INSTRUCTIONS FOR THE TASK:
From the entries below, copy every line that holds the word "pads".

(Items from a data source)
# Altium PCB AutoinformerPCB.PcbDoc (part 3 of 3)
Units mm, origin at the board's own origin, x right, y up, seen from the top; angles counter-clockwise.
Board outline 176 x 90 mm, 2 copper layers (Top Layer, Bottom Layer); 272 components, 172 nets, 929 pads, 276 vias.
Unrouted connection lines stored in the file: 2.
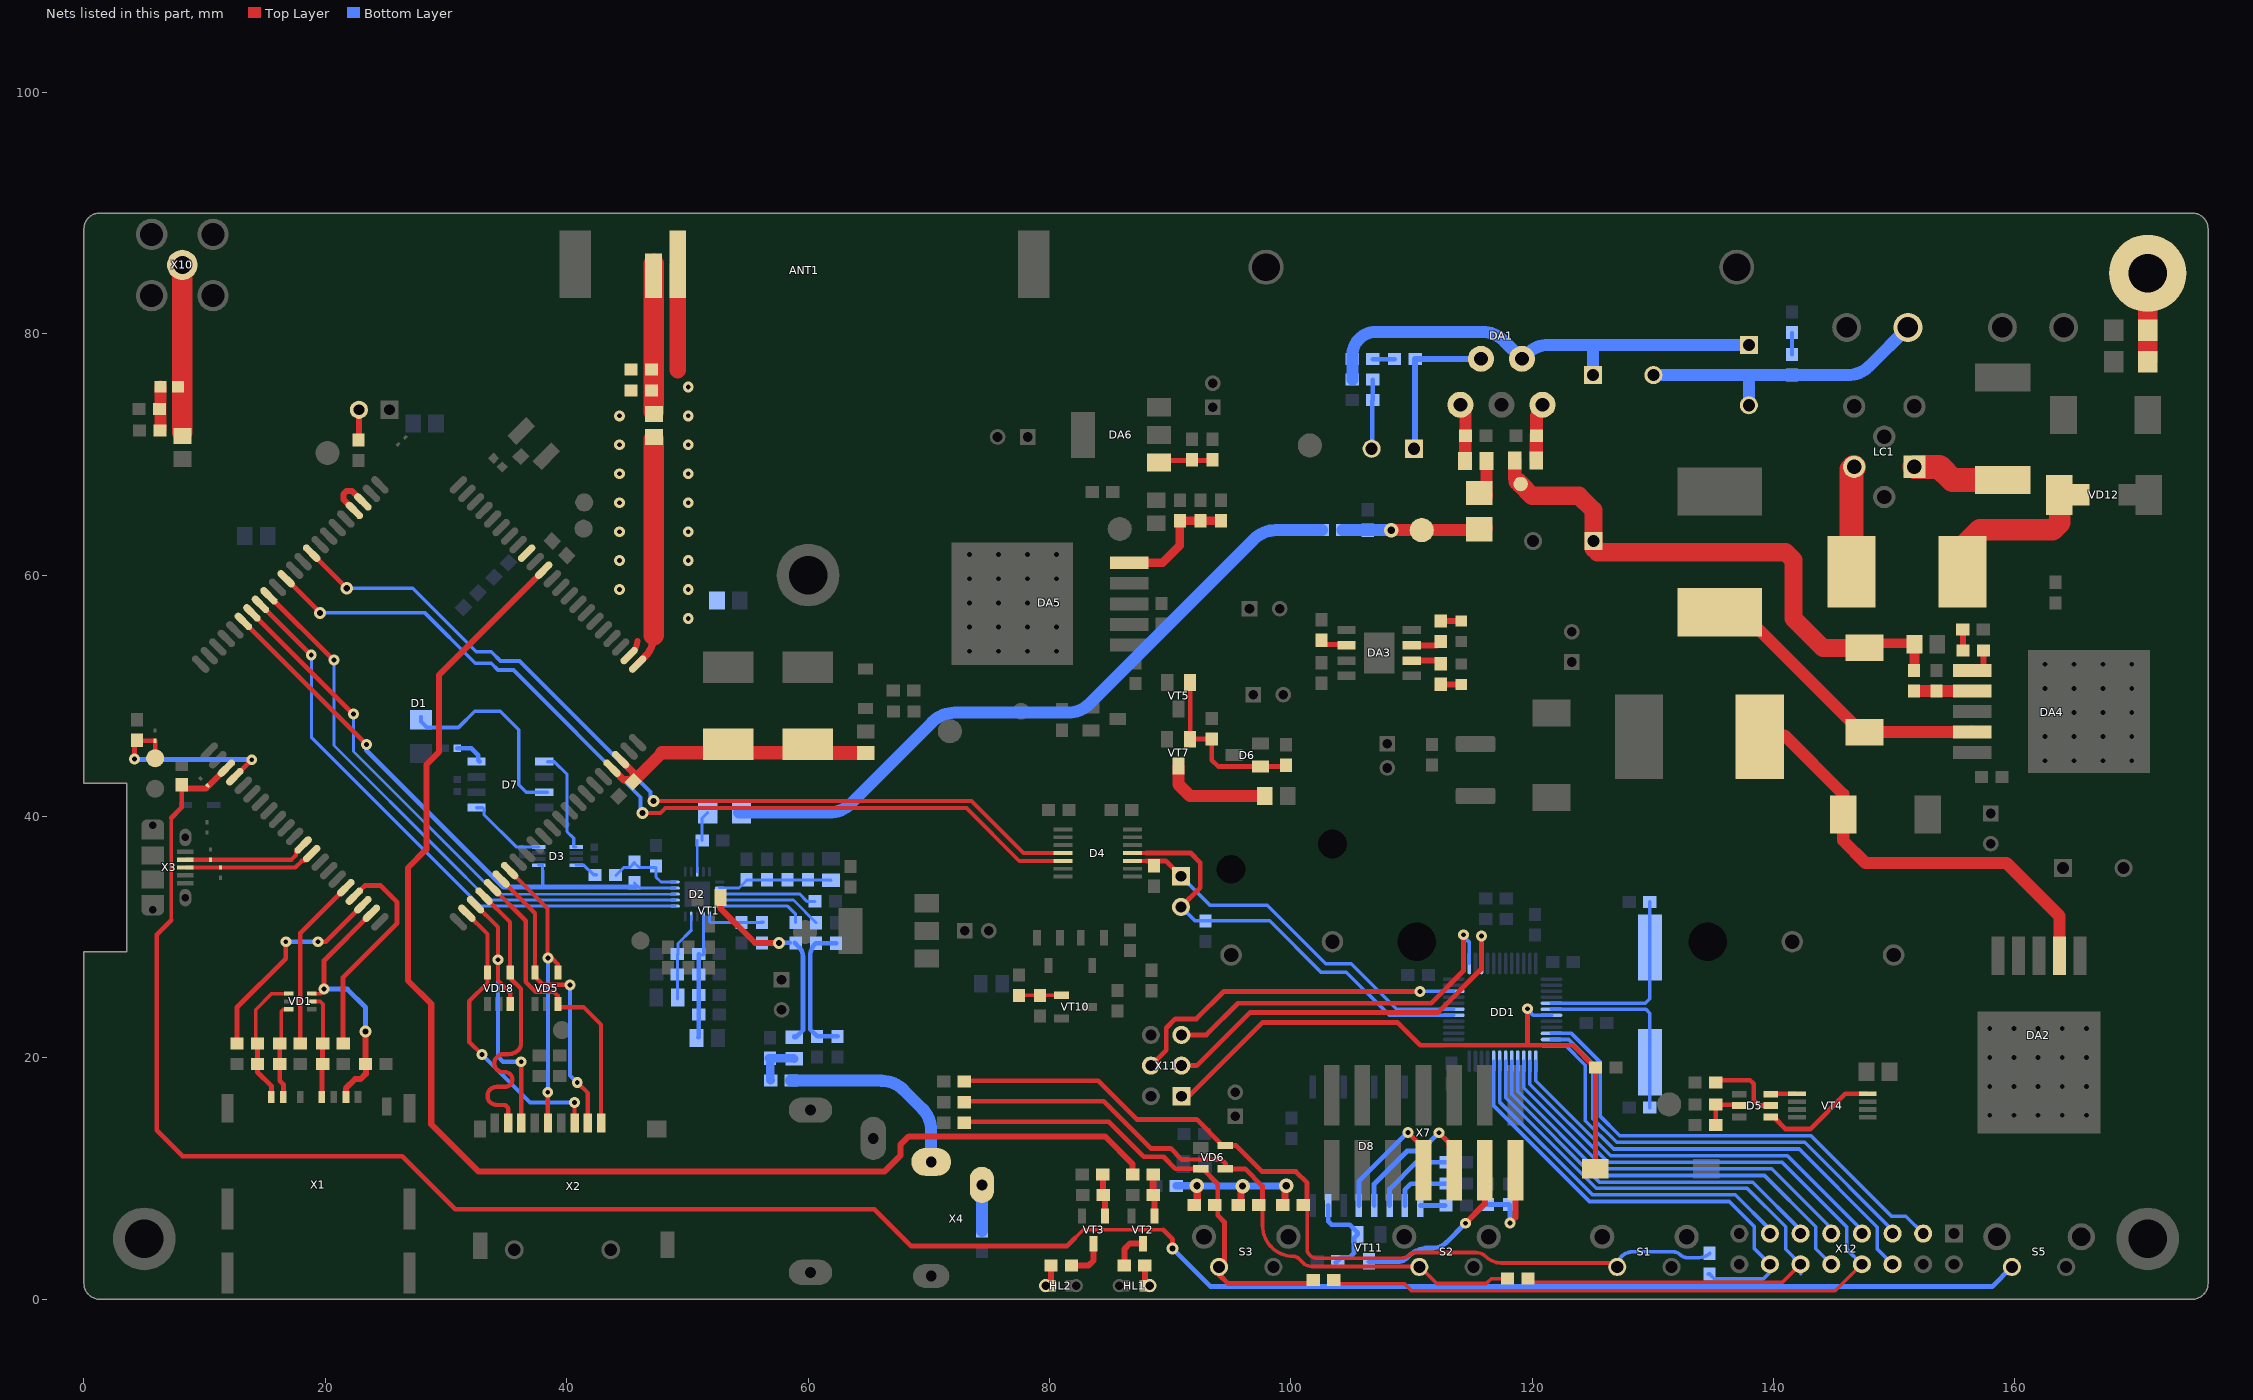
[diagram p3: the nets of this part, all layers, seen from the top]

## Via types
v1: diameter 0.9, hole 0.4, Top Layer to Bottom Layer, tented both sides, 141 vias
v2: diameter 1, hole 0.5, Top Layer to Bottom Layer, tented both sides, 110 vias
v3: diameter 1.2, hole 0.6, Top Layer to Bottom Layer, tented both sides, 14 vias
v4: diameter 1.4, hole 0.7, Top Layer to Bottom Layer, tented both sides, 10 vias
v5: diameter 2, hole 0.9, Top Layer to Bottom Layer, tented both sides, 1 vias

## Nets (pads, with @x,y where several pads share a name; then routed paths per layer and width w, separated by ;. In a path a pad name is that pad's centre, name@x,y a point inside that pad or via, vN(x,y) a via of type N, cw(c..) or ccw(c..) an arc to the next point about the centre after c; other vN are vias at no path point) (continued)
LCD_K: VT11.3 X7.11 | length 14.2
  Top Layer w0.5: v1(114.475,6.3) 116.075,7.9 116.075,10.695 X7.11@116.08,10.7
  Bottom Layer w0.4: VT11.3@106.465,3.1 108.845,3.1 ccw(c108.845,4.199) 109.622,3.422 109.75,3.55 cw(c111.44,1.86) 111.44,4.25 111.8,4.25 ccw(c111.8,5.759) 112.867,4.692 v1(114.475,6.3)
LCD_RS: D8.4 X7.9 | length 12.5
  Top Layer w0.4: v1(112.275,13.8) 113.09,12.985 113.09,12.75 113.54,12.3 X7.9@113.54,10.7
  Bottom Layer w0.4: D8.4@106.91,7.775 106.9,7.785 106.9,9.55 109.625,12.275 110.75,12.275 v1(112.275,13.8)
LCD_RW: D8.5 X7.7 | length 11.4
  Top Layer w0.4: v1(109.7,13.825) 110.55,12.975 110.55,12.775 111,12.325 X7.7@111,10.7
  Bottom Layer w0.4: D8.5@105.64,7.775 105.64,9.765 v1(109.7,13.825)
LCD_V0: R83.1 R84.1 X7.13 | length 7.9
  Top Layer w0.5: v1(118.175,6.325) 118.62,6.77 X7.13@118.62,10.7
  Bottom Layer w0.4: R83.1@116.35,7.85 R84.1@118.075,7.85 118.175,7.75 v1(118.175,6.325)
MAIN_ANT: D1.82 R44.1 | length 19.1
  Top Layer w0.6: D1.82@45.875,52.63 46.481,53.236 ccw(c44.685,55.032) 47.225,55.032
  Top Layer w1.697: 47.225,55.032 R44.1@47.225,71.25
MAIN_GND: ANT1.2 C42.1 C43.1 D1.41 R22.2 | length 10.5
  Top Layer w0.5: D1.41@45.168,53.323 D1.41@45.168,53.337 45.493,53.662 ccw(c44.63,54.525) 45.85,54.525 ; 49.075,76.7 ccw(c48.773,77.002) 49.2,77.002
  Top Layer w1.4: 49.2,77.002 ANT1.2@49.2,85.75
  other v1: 50.075,56.4 44.375,58.8 50.075,58.8 44.375,61.2 50.075,61.2 44.375,63.6 50.075,63.6 44.375,66 50.075,66 44.375,68.4 50.075,68.4 44.375,70.8 50.075,70.8 44.375,73.2 50.075,73.2 50.075,75.6
MCLK: C21.2 D2.10 R25.2 R78.2 | length 7
  Bottom Layer w0.25: R78.2@44.075,35.125 44.725,35.775 45.2,35.775 R25.2@45.625,36.2 R25.2@45.625,36.15 ; R25.2@45.25,35.775 R25.2@45.625,36.15 ; D2.10@48.969,34.57 47.805,34.57 47.4,34.975 47.4,35.775 46,35.775 R25.2@45.625,36.15
MIC_N: C6.2 C8.1 C23.1 R26.1 | length 11.5
  Bottom Layer w0.381: R26.1@62.325,29.5 60.625,29.5 ccw(c61.711,28.414) 60.175,28.414 60.175,22.35 C8.1@60.75,21.775 C6.2@62.45,21.775
MIC_P: C22.1 IND1.1 R17.2 VT1.1 | length 17.7
  Top Layer w0.5: VT1.1@52.75,33.24 52.725,33.265 52.725,32.4 55.6,29.525 v2(57.575,29.525) v2@57.6,29.525
  Bottom Layer w0.381: R17.2@56.3,29.525 v2(57.575,29.525) 57.6,29.525 58.475,29.525 ; IND1.1@58.85,21.715 58.99,21.715 59.575,22.3 59.575,28.389 ccw(c58.462,28.389) 59.249,29.176 C22.1@58.9,29.525 ; IND1.1@58.85,21.805 IND1.1@58.97,21.805
MICBIAS: C24.2 D2.1 R17.1 | length 5.1
  Bottom Layer w0.25: D2.1@51.82,31.719 51.82,31.305 51.9,31.225 54.6,31.225 56.275,31.225 56.3,31.25 R17.1@56.1,31.25
MOUT: C30.1 R69.1 | length 57.6
  Bottom Layer w1: C30.1@54.275,40.325 C30.1@54.475,40.325 61.748,40.325 ccw(c61.748,42.865) 63.544,41.069 70.331,47.856 cw(c72.127,46.06) 72.127,48.6 81.523,48.6 ccw(c81.523,51.14) 83.319,49.344 96.956,62.981 cw(c98.752,61.185) 98.752,63.725 R69.1@102.6,63.725
NetANT1_3: ANT1.3 C42.2 C43.2 R44.2 | length 12.3
  Top Layer w1.697: R44.2@47.225,73.55 47.225,75.3 ANT1.3@47.225,85.8
NetBC1_1: BC1.1 C55.1 R50.1 | length 7.3
  Top Layer w1.5: C55.1@170.95,77.675 C55.1@171,77.725
  Top Layer w1.6: C55.1@171,77.725 BC1.1@171,85
NetC4_1: C4.1 IND1.2 R3.1 | length 4
  Bottom Layer w0.7: C4.1@56.725,19.95 56.75,19.975 56.77,19.955 C4.1@56.87,19.955 ; C4.1@56.85,19.975 C4.1@56.87,19.955 ; R3.1@56.9,18.125 56.875,18.15 56.875,19.95 C4.1@56.87,19.955 ; IND1.2@58.85,19.935 58.83,19.955 C4.1@56.87,19.955
NetC5_1: C5.1 R14.2 VD1.5 X1.C2 | length 8.7
  Top Layer w0.3: VD1.5@18.875,24.675 19.575,24.675 19.8,24.45 R14.2@19.8,21.175 ; C5.1@19.71,19.435 C5.1@19.775,19.5
  Top Layer w0.4: X1.C2@19.71,16.775 C5.1@19.71,19.435 ; C5.1@19.775,19.5 R14.2@19.775,21.175
NetC7_1: C7.1 R15.2 VD1.1 X1.C3 | length 11.1
  Top Layer w0.3: R15.2@14.375,21.175 14.225,21.325 14.225,23.981 15.569,25.325 VD1.1@16.975,25.325
  Top Layer w0.4: R15.2@14.375,21.175 C7.1@14.375,19.5 14.375,18.825 15.525,17.675 15.525,16.78 X1.C3@15.52,16.775
NetC9_1: C9.1 R16.2 VD1.3 X1.C7 | length 8
  Top Layer w0.3: R16.2@16.225,21.175 16.35,21.3 16.35,23.85 16.525,24.025 VD1.3@16.975,24.025
  Top Layer w0.4: R16.2@16.225,21.175 C9.1@16.225,19.5 16.225,18.1 16.525,17.8 16.525,16.78 X1.C7@16.52,16.775
NetC11_1: C11.1 C14.1 C17.1 C19.1 D2.2 IND2.2 | length 10.2
  Bottom Layer w0.24: C14.1@51.32,28.53 D2.2@51.32,31.719
  Bottom Layer w0.25: C14.1@51.23,28.53 C14.1@51.27,28.57
  Bottom Layer w0.381: IND2.2@50.91,21.7 50.93,21.72 50.93,25.225 50.93,28.58 C14.1@50.95,28.6 ; C14.1@50.98,28.57 C14.1@51,28.55
NetC12_1: C12.1 C15.1 D2.4 IND3.2 | length 7.4
  Bottom Layer w0.24: 50.32,30.57 D2.4@50.32,31.719
  Bottom Layer w0.25: IND3.2@49.19,24.875 49.19,28.55 49.17,28.57 49.22,28.57 49.22,29.47 50.32,30.57
NetC13_1: C13.1 C16.1 C18.1 C20.1 D2.17 IND4.2 | length 9.6
  Bottom Layer w0.24: D2.17@52.671,34.07 54.27,34.07
  Bottom Layer w0.25: 54.27,34.07 54.9,34.7 C16.1@54.9,34.75 C13.1@56.6,34.75 C18.1@58.3,34.75 C20.1@60,34.75 61.86,34.75 IND4.2@61.9,34.71
NetC22_2: C22.2 D2.20 | length 7.3
  Bottom Layer w0.24: D2.20@52.671,32.57 58.305,32.57
  Bottom Layer w0.25: 58.305,32.57 58.975,31.9 C22.2@58.975,31.225
NetC23_2: C23.2 D2.19 | length 8.8
  Bottom Layer w0.24: D2.19@52.671,33.07 58.78,33.07 C23.2@60.65,31.2
NetC25_1: C25.1 C26.1 C27.1 D1.38 D1.39 IND6.1 | length 24.6
  Top Layer w0.6: D1.38@43.754,44.004 44.707,43.05 C25.1@45.68,43.05 ; D1.39@44.461,44.711 45.5,43.672 C25.1@45.5,43.075 ; C26.1@53.305,45.245 53.36,45.19 C26.1@53.375,45.175 ; C27.1@59.975,45.175 C27.1@60.04,45.24
  Top Layer w1: C25.1@45.68,43.05 47.91,45.28 ; C26.1@53.36,45.19 C26.1@53.375,45.19
  Top Layer w1.15: 47.91,45.28 59.995,45.28 60.69,45.265 64.77,45.265 IND6.1@64.775,45.26
NetC28_2: C28.2 D2.18 | length 8.2
  Bottom Layer w0.24: D2.18@52.671,33.57 59.305,33.57
  Bottom Layer w0.25: 59.305,33.57 59.9,32.975 C28.2@60.575,32.975
NetC29_2: C29.2 C30.2 D2.13 | length 5.1
  Bottom Layer w0.24: D2.13@50.82,35.421 C29.2@50.82,38
  Bottom Layer w0.25: C29.2@51.225,38 51.225,39.875 C30.2@51.675,40.325
NetC31_1: C31.1 IND7.1 | length 2.8
  Top Layer w1: IND7.1@116.215,69.45 116.215,66.735 C31.1@116.25,66.7 ; C31.1@116.22,66.58 C31.1@116.25,66.55
NetC31_2: C31.2 R69.2 R70.1 TP3.1 | length 12
  Top Layer w1: v3(108.325,63.725) TP3.1@110.85,63.725 C31.2@115.625,63.725 ; C31.2@115.625,63.9 C31.2@116.25,63.9
  Bottom Layer w1: R69.2@104.3,63.725 v3(108.325,63.725)
NetC32_1: C32.1 DA1.1 IND7.2 | length 4.4
  Top Layer w1: DA1.1@114.175,73.676 114.475,73.376 C32.1@114.475,71.55 114.455,71.55 114.455,69.47 IND7.2@114.435,69.45
NetC34_1: C34.1 DA1.5 IND8.2 | length 5
  Top Layer w1.1: IND8.2@120.34,69.5 120.345,69.505 120.345,71.595 120.35,71.6 120.35,73.22 120.845,73.715 120.845,74.26 DA1.5@120.85,74.265
NetC36_1: C36.1 C38.1 C39.1 DA1.4 R41.1 | length 39.7
  Bottom Layer w1: R41.1@105.1,76.2 C36.1@105.1,77.9 105.1,78.212 cw(c107.038,78.212) 107.038,80.15 115.873,80.15 cw(c115.873,77.61) 117.669,79.406 DA1.4@119.15,77.925 119.556,78.331 cw(c121.352,76.535) 121.352,79.075 125.075,79.075 ; C38.1@125.05,76.575 125.05,79.015 cw(c125.135,79.015) 125.075,79.075 ; C39.1@137.95,79.075 125.075,79.075
NetC36_2: C36.2 R37.1 | length 1.8
  Bottom Layer w0.381: C36.2@106.8,77.9 R37.1@108.6,77.9
NetC37_1: C37.1 DA1.2 R37.2 | length 12.9
  Bottom Layer w0.5: C37.1@110.2,70.475 110.3,70.575 R37.2@110.3,77.9 110.312,77.913 115.738,77.913 DA1.2@115.75,77.925
NetC37_2: C37.2 R41.2 R42.1 | length 5.8
  Bottom Layer w0.381: C37.2@106.7,70.475 106.75,70.525 106.75,74.45 R42.1@106.8,74.5 R41.2@106.8,76.2
NetC40_2: C40.2 R43.1 | length 1.8
  Bottom Layer w0.3: C40.2@141.525,78.275 R43.1@141.525,80.1
NetC41_1: C41.1 L1.2 X10.1 | length 13.9
  Top Layer w1.698: C41.1@8.15,71.825 X10.1@8.15,85.7
NetC44_2: C44.2 L1.1 R45.1 | length 3.6
  Top Layer w1: L1.1@6.349,75.625 6.352,75.622 6.352,74.35 6.352,73.8 R45.1@6.352,72.05
NetC50_2: C50.2 DD1.5 Y1.2 | length 16.3
  Bottom Layer w0.3: DD1.5@121.6,24.525 126.025,24.525 129.375,24.525 129.75,24.9 Y1.2@129.75,29.15 C50.2@129.75,32.925
NetC51_2: C51.2 DD1.6 Y1.1 | length 16.1
  Bottom Layer w0.3: DD1.6@121.6,24.025 129.425,24.025 ; 129.425,24.025 129.75,23.7 Y1.1@129.75,19.65 C51.2@129.75,15.875
NetC61_1: C61.1 D5.5 R56.2 | length 3.7
  Top Layer w0.381: C61.1@135.2,14.45 R56.2@135.2,16.15 135.25,16.1 137.1,16.1 D5.5@137.15,16.05
NetC66_1: C66.1 R76.2 | length 1.8
  Top Layer w0.5: C66.1@155.675,55.5 155.687,55.487 155.687,53.762 R76.2@155.7,53.75
NetC67_2: C67.2 DA5.5 R59.1 R60.2 | length 10.4
  Top Layer w0.7: DA5.5@86.611,61.027 89.377,61.027 90.8,62.45 R59.1@90.8,64.5 ; R59.1@90.8,64.7 R59.1@90.8,64.5 ; R60.2@94.2,64.5 C67.2@92.5,64.5 R59.1@90.8,64.5
NetD1_62: D1.62 D1.63 | length 3.8
  Top Layer w0.5: D1.63@22.399,65.358 22.399,65.385 21.497,66.287 21.497,66.702 21.773,66.978 22.194,66.978 D1.62@23.106,66.065
NetD3_4: D3.4 R78.1 | length 2
  Bottom Layer w0.27: D3.4@40.775,35.975 41.425,35.975 42.225,35.175 R78.1@42.45,35.175
NetD3_8: D3.8 D7.1 | length 6.8
  Bottom Layer w0.27: D7.1@32.525,40.735 33.019,40.735 33.15,40.604 33.15,40.125 35.8,37.475 D3.8@37.675,37.475
NetD5_1: D5.1 VT4.4 | length 9.7
  Top Layer w0.38: 145.95,17.025 VT4.4@147.813,17.025
  Top Layer w0.4: D5.1@139.75,15.1 140,15.1 141,14.1 143.025,14.1 145.95,17.025
NetD5_2: D5.2 R55.1 | length 6.3
  Top Layer w0.381: R55.1@135.1,18.15 138.05,18.15 138.35,17.85 138.35,16.473 138.773,16.05 D5.2@139.75,16.05
NetD5_3: D5.3 VT4.5 | length 2.2
  Top Layer w0.38: D5.3@139.775,17.024 VT4.5@141.937,17.025
NetD6_1: D6.1 R62.1 R63.1 VT5.1 VT7.1 | length 14.6
  Top Layer w0.381: VT7.1@91.65,46.4 VT7.1@91.655,46.405 ; VT5.1@91.66,51.05 91.655,51.045 VT7.1@91.655,46.405 ; R62.1@99.6,44.195 99.545,44.14 97.45,44.14 93.985,44.14 93.45,44.675 R63.1@93.45,46.425 91.675,46.425 VT7.1@91.655,46.405
NetD7_4: D7.4 R71.2 | length 2.6
  Bottom Layer w0.4: R71.2@30.925,45.65 32.1,45.65 32.675,45.075 32.675,44.67 D7.4@32.8,44.545
NetD7_7: D7.7 R72.2 | length 17.1
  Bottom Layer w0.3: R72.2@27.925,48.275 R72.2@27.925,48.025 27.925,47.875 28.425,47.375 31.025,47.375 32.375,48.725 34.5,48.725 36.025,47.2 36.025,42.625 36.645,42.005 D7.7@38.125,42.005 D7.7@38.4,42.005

RESPONSE FOR THIS EXERCISE:
Board outline 176 x 90 mm, 2 copper layers (Top Layer, Bottom Layer); 272 components, 172 nets, 929 pads, 276 vias.
## Nets (pads, with @x,y where several pads share a name; then routed paths per layer and width w, separated by ;. In a path a pad name is that pad's centre, name@x,y a point inside that pad or via, vN(x,y) a via of type N, cw(c..) or ccw(c..) an arc to the next point about the centre after c; other vN are vias at no path point) (continued)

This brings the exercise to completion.